The data below holds a line containing "#43=DIRECTION('',(0.,0.,1.));" and a line containing "#89=CIRCLE('',#88,6.87);"; please quote exactly those two lines and every line between them, and nothing else.

## Task input
>>
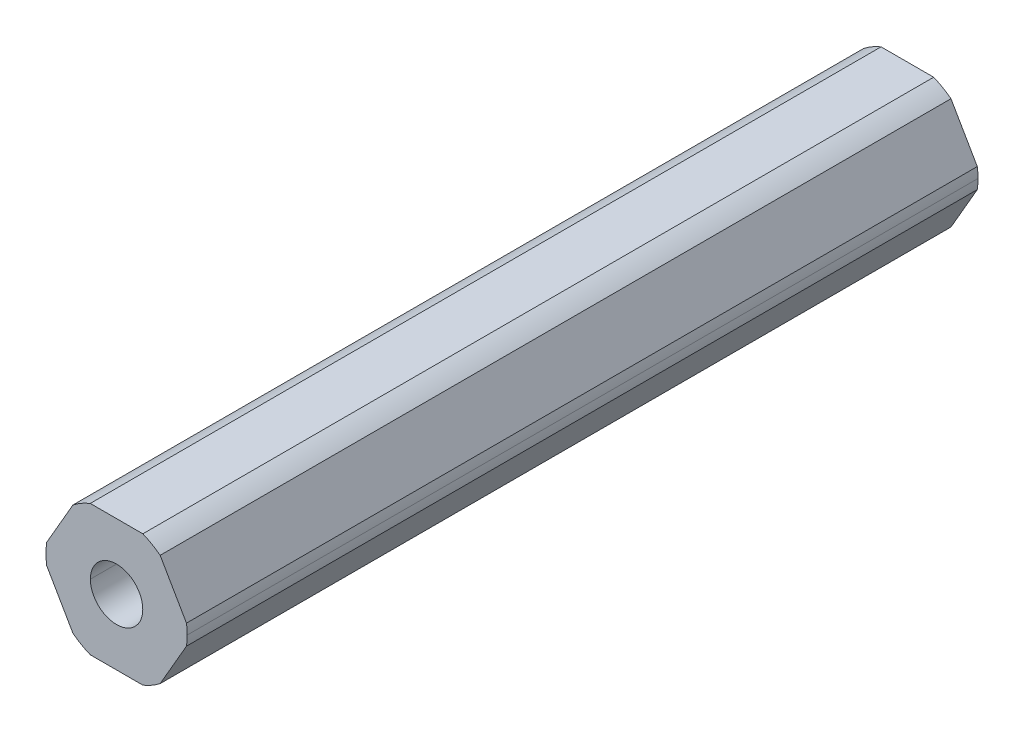
ISO-10303-21;
HEADER;
FILE_DESCRIPTION(('STEP AP214'),'2;1');
FILE_NAME('part.step','',(''),(''),'','','');
FILE_SCHEMA(('AUTOMOTIVE_DESIGN { 1 0 10303 214 1 1 1 1 }'));
ENDSEC;
DATA;
#1=APPLICATION_CONTEXT('core data for automotive mechanical design processes');
#2=APPLICATION_PROTOCOL_DEFINITION('international standard','automotive_design',2000,#1);
#3=PRODUCT_CONTEXT('',#1,'mechanical');
#4=PRODUCT('Part','Part','',(#3));
#5=PRODUCT_RELATED_PRODUCT_CATEGORY('part','',(#4));
#6=PRODUCT_DEFINITION_FORMATION('','',#4);
#7=PRODUCT_DEFINITION_CONTEXT('part definition',#1,'design');
#8=PRODUCT_DEFINITION('design','',#6,#7);
#9=PRODUCT_DEFINITION_SHAPE('','',#8);
#10=(LENGTH_UNIT() NAMED_UNIT(*) SI_UNIT(.MILLI.,.METRE.));
#11=(NAMED_UNIT(*) PLANE_ANGLE_UNIT() SI_UNIT($,.RADIAN.));
#12=(NAMED_UNIT(*) SI_UNIT($,.STERADIAN.) SOLID_ANGLE_UNIT());
#13=UNCERTAINTY_MEASURE_WITH_UNIT(LENGTH_MEASURE(1.E-05),#10,'distance_accuracy_value','');
#14=(GEOMETRIC_REPRESENTATION_CONTEXT(3) GLOBAL_UNCERTAINTY_ASSIGNED_CONTEXT((#13)) GLOBAL_UNIT_ASSIGNED_CONTEXT((#10,
#11,#12)) REPRESENTATION_CONTEXT('',''));
#15=CARTESIAN_POINT('',(0.,0.,0.));
#16=DIRECTION('',(0.,0.,1.));
#17=DIRECTION('',(1.,0.,0.));
#18=AXIS2_PLACEMENT_3D('',#15,#16,#17);
#19=CARTESIAN_POINT('',(0.,0.,-228.6));
#20=DIRECTION('',(0.,0.,1.));
#21=DIRECTION('',(1.,0.,0.));
#22=AXIS2_PLACEMENT_3D('',#19,#20,#21);
#23=CYLINDRICAL_SURFACE('',#22,2.55);
#24=DIRECTION('',(0.,0.,1.));
#25=VECTOR('',#24,1.);
#26=CARTESIAN_POINT('',(2.55,0.,-228.6));
#27=LINE('',#26,#25);
#28=CARTESIAN_POINT('',(2.55,0.,-220.97475));
#29=VERTEX_POINT('',#28);
#30=CARTESIAN_POINT('',(2.55,0.,-144.04975));
#31=VERTEX_POINT('',#30);
#32=EDGE_CURVE('E156',#29,#31,#27,.T.);
#33=ORIENTED_EDGE('',*,*,#32,.F.);
#34=CARTESIAN_POINT('',(0.,0.,-220.97475));
#35=DIRECTION('',(0.,0.,1.));
#36=DIRECTION('',(1.,0.,0.));
#37=AXIS2_PLACEMENT_3D('',#34,#35,#36);
#38=CIRCLE('',#37,2.55);
#39=CARTESIAN_POINT('',(-2.55,0.,-220.97475));
#40=VERTEX_POINT('',#39);
#41=EDGE_CURVE('E67',#29,#40,#38,.F.);
#42=ORIENTED_EDGE('',*,*,#41,.T.);
#43=DIRECTION('',(0.,0.,1.));
#44=VECTOR('',#43,1.);
#45=CARTESIAN_POINT('',(-2.55,0.,-228.6));
#46=LINE('',#45,#44);
#47=CARTESIAN_POINT('',(-2.55,0.,-144.04975));
#48=VERTEX_POINT('',#47);
#49=EDGE_CURVE('E154',#40,#48,#46,.T.);
#50=ORIENTED_EDGE('',*,*,#49,.T.);
#51=CARTESIAN_POINT('',(0.,0.,-144.04975));
#52=DIRECTION('',(0.,0.,1.));
#53=DIRECTION('',(1.,0.,0.));
#54=AXIS2_PLACEMENT_3D('',#51,#52,#53);
#55=CIRCLE('',#54,2.55);
#56=EDGE_CURVE('E203',#31,#48,#55,.F.);
#57=ORIENTED_EDGE('',*,*,#56,.F.);
#58=EDGE_LOOP('',(#33,#42,#50,#57));
#59=FACE_BOUND('',#58,.T.);
#60=ADVANCED_FACE('F44',(#59),#23,.F.);
#61=CARTESIAN_POINT('',(0.,0.,-228.6));
#62=DIRECTION('',(0.,0.,1.));
#63=DIRECTION('',(1.,0.,0.));
#64=AXIS2_PLACEMENT_3D('',#61,#62,#63);
#65=CYLINDRICAL_SURFACE('',#64,6.87);
#66=CARTESIAN_POINT('',(0.,0.,-220.97475));
#67=DIRECTION('',(0.,0.,1.));
#68=DIRECTION('',(1.,0.,0.));
#69=AXIS2_PLACEMENT_3D('',#66,#67,#68);
#70=CIRCLE('',#69,6.87);
#71=CARTESIAN_POINT('',(6.87,0.,-220.97475));
#72=VERTEX_POINT('',#71);
#73=CARTESIAN_POINT('',(6.80102150534208,-0.971085209378955,-220.97475));
#74=VERTEX_POINT('',#73);
#75=EDGE_CURVE('E322',#72,#74,#70,.F.);
#76=ORIENTED_EDGE('',*,*,#75,.F.);
#77=DIRECTION('',(0.,0.,1.));
#78=VECTOR('',#77,1.);
#79=CARTESIAN_POINT('',(6.87,0.,-228.6));
#80=LINE('',#79,#78);
#81=CARTESIAN_POINT('',(6.87,0.,-144.04975));
#82=VERTEX_POINT('',#81);
#83=EDGE_CURVE('E164',#72,#82,#80,.T.);
#84=ORIENTED_EDGE('',*,*,#83,.T.);
#85=CARTESIAN_POINT('',(0.,0.,-144.04975));
#86=DIRECTION('',(0.,0.,1.));
#87=DIRECTION('',(1.,0.,0.));
#88=AXIS2_PLACEMENT_3D('',#85,#86,#87);
#89=CIRCLE('',#88,6.87);
#90=CARTESIAN_POINT('',(6.80102150534208,-0.971085209378955,-144.04975));
#91=VERTEX_POINT('',#90);
#92=EDGE_CURVE('E324',#91,#82,#89,.T.);
#93=ORIENTED_EDGE('',*,*,#92,.F.);
#94=DIRECTION('',(0.,0.,-1.));
#95=VECTOR('',#94,1.);
#96=CARTESIAN_POINT('',(6.80102150534208,-0.971085209378962,-228.6));
#97=LINE('',#96,#95);
#98=EDGE_CURVE('E170',#91,#74,#97,.T.);
#99=ORIENTED_EDGE('',*,*,#98,.T.);
#100=EDGE_LOOP('',(#76,#84,#93,#99));
#101=FACE_BOUND('',#100,.T.);
#102=ADVANCED_FACE('F321',(#101),#65,.T.);
#103=CARTESIAN_POINT('',(3.68083890619154,-6.3754,228.6));
#104=DIRECTION('',(-0.866025403784439,0.5,0.));
#105=DIRECTION('',(0.,0.,1.));
#106=AXIS2_PLACEMENT_3D('',#103,#104,#105);
#107=PLANE('',#106);
#108=DIRECTION('',(0.,0.,1.));
#109=VECTOR('',#108,1.);
#110=CARTESIAN_POINT('',(4.24149521323255,-5.40431479062104,-228.6));
#111=LINE('',#110,#109);
#112=CARTESIAN_POINT('',(4.24149521323254,-5.40431479062105,-220.97475));
#113=VERTEX_POINT('',#112);
#114=CARTESIAN_POINT('',(4.24149521323254,-5.40431479062105,-144.04975));
#115=VERTEX_POINT('',#114);
#116=EDGE_CURVE('E181',#113,#115,#111,.T.);
#117=ORIENTED_EDGE('',*,*,#116,.F.);
#118=DIRECTION('',(0.5,0.866025403784439,0.));
#119=VECTOR('',#118,1.);
#120=CARTESIAN_POINT('',(3.68083890619154,-6.3754,-220.97475));
#121=LINE('',#120,#119);
#122=EDGE_CURVE('E318',#113,#74,#121,.T.);
#123=ORIENTED_EDGE('',*,*,#122,.T.);
#124=ORIENTED_EDGE('',*,*,#98,.F.);
#125=DIRECTION('',(0.500000000000001,0.866025403784438,0.));
#126=VECTOR('',#125,1.);
#127=CARTESIAN_POINT('',(4.24149521323254,-5.40431479062105,-144.04975));
#128=LINE('',#127,#126);
#129=EDGE_CURVE('E265',#115,#91,#128,.T.);
#130=ORIENTED_EDGE('',*,*,#129,.F.);
#131=EDGE_LOOP('',(#117,#123,#124,#130));
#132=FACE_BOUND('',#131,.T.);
<<
## Answer for this exercise
#43=DIRECTION('',(0.,0.,1.));
#44=VECTOR('',#43,1.);
#45=CARTESIAN_POINT('',(-2.55,0.,-228.6));
#46=LINE('',#45,#44);
#47=CARTESIAN_POINT('',(-2.55,0.,-144.04975));
#48=VERTEX_POINT('',#47);
#49=EDGE_CURVE('E154',#40,#48,#46,.T.);
#50=ORIENTED_EDGE('',*,*,#49,.T.);
#51=CARTESIAN_POINT('',(0.,0.,-144.04975));
#52=DIRECTION('',(0.,0.,1.));
#53=DIRECTION('',(1.,0.,0.));
#54=AXIS2_PLACEMENT_3D('',#51,#52,#53);
#55=CIRCLE('',#54,2.55);
#56=EDGE_CURVE('E203',#31,#48,#55,.F.);
#57=ORIENTED_EDGE('',*,*,#56,.F.);
#58=EDGE_LOOP('',(#33,#42,#50,#57));
#59=FACE_BOUND('',#58,.T.);
#60=ADVANCED_FACE('F44',(#59),#23,.F.);
#61=CARTESIAN_POINT('',(0.,0.,-228.6));
#62=DIRECTION('',(0.,0.,1.));
#63=DIRECTION('',(1.,0.,0.));
#64=AXIS2_PLACEMENT_3D('',#61,#62,#63);
#65=CYLINDRICAL_SURFACE('',#64,6.87);
#66=CARTESIAN_POINT('',(0.,0.,-220.97475));
#67=DIRECTION('',(0.,0.,1.));
#68=DIRECTION('',(1.,0.,0.));
#69=AXIS2_PLACEMENT_3D('',#66,#67,#68);
#70=CIRCLE('',#69,6.87);
#71=CARTESIAN_POINT('',(6.87,0.,-220.97475));
#72=VERTEX_POINT('',#71);
#73=CARTESIAN_POINT('',(6.80102150534208,-0.971085209378955,-220.97475));
#74=VERTEX_POINT('',#73);
#75=EDGE_CURVE('E322',#72,#74,#70,.F.);
#76=ORIENTED_EDGE('',*,*,#75,.F.);
#77=DIRECTION('',(0.,0.,1.));
#78=VECTOR('',#77,1.);
#79=CARTESIAN_POINT('',(6.87,0.,-228.6));
#80=LINE('',#79,#78);
#81=CARTESIAN_POINT('',(6.87,0.,-144.04975));
#82=VERTEX_POINT('',#81);
#83=EDGE_CURVE('E164',#72,#82,#80,.T.);
#84=ORIENTED_EDGE('',*,*,#83,.T.);
#85=CARTESIAN_POINT('',(0.,0.,-144.04975));
#86=DIRECTION('',(0.,0.,1.));
#87=DIRECTION('',(1.,0.,0.));
#88=AXIS2_PLACEMENT_3D('',#85,#86,#87);
#89=CIRCLE('',#88,6.87);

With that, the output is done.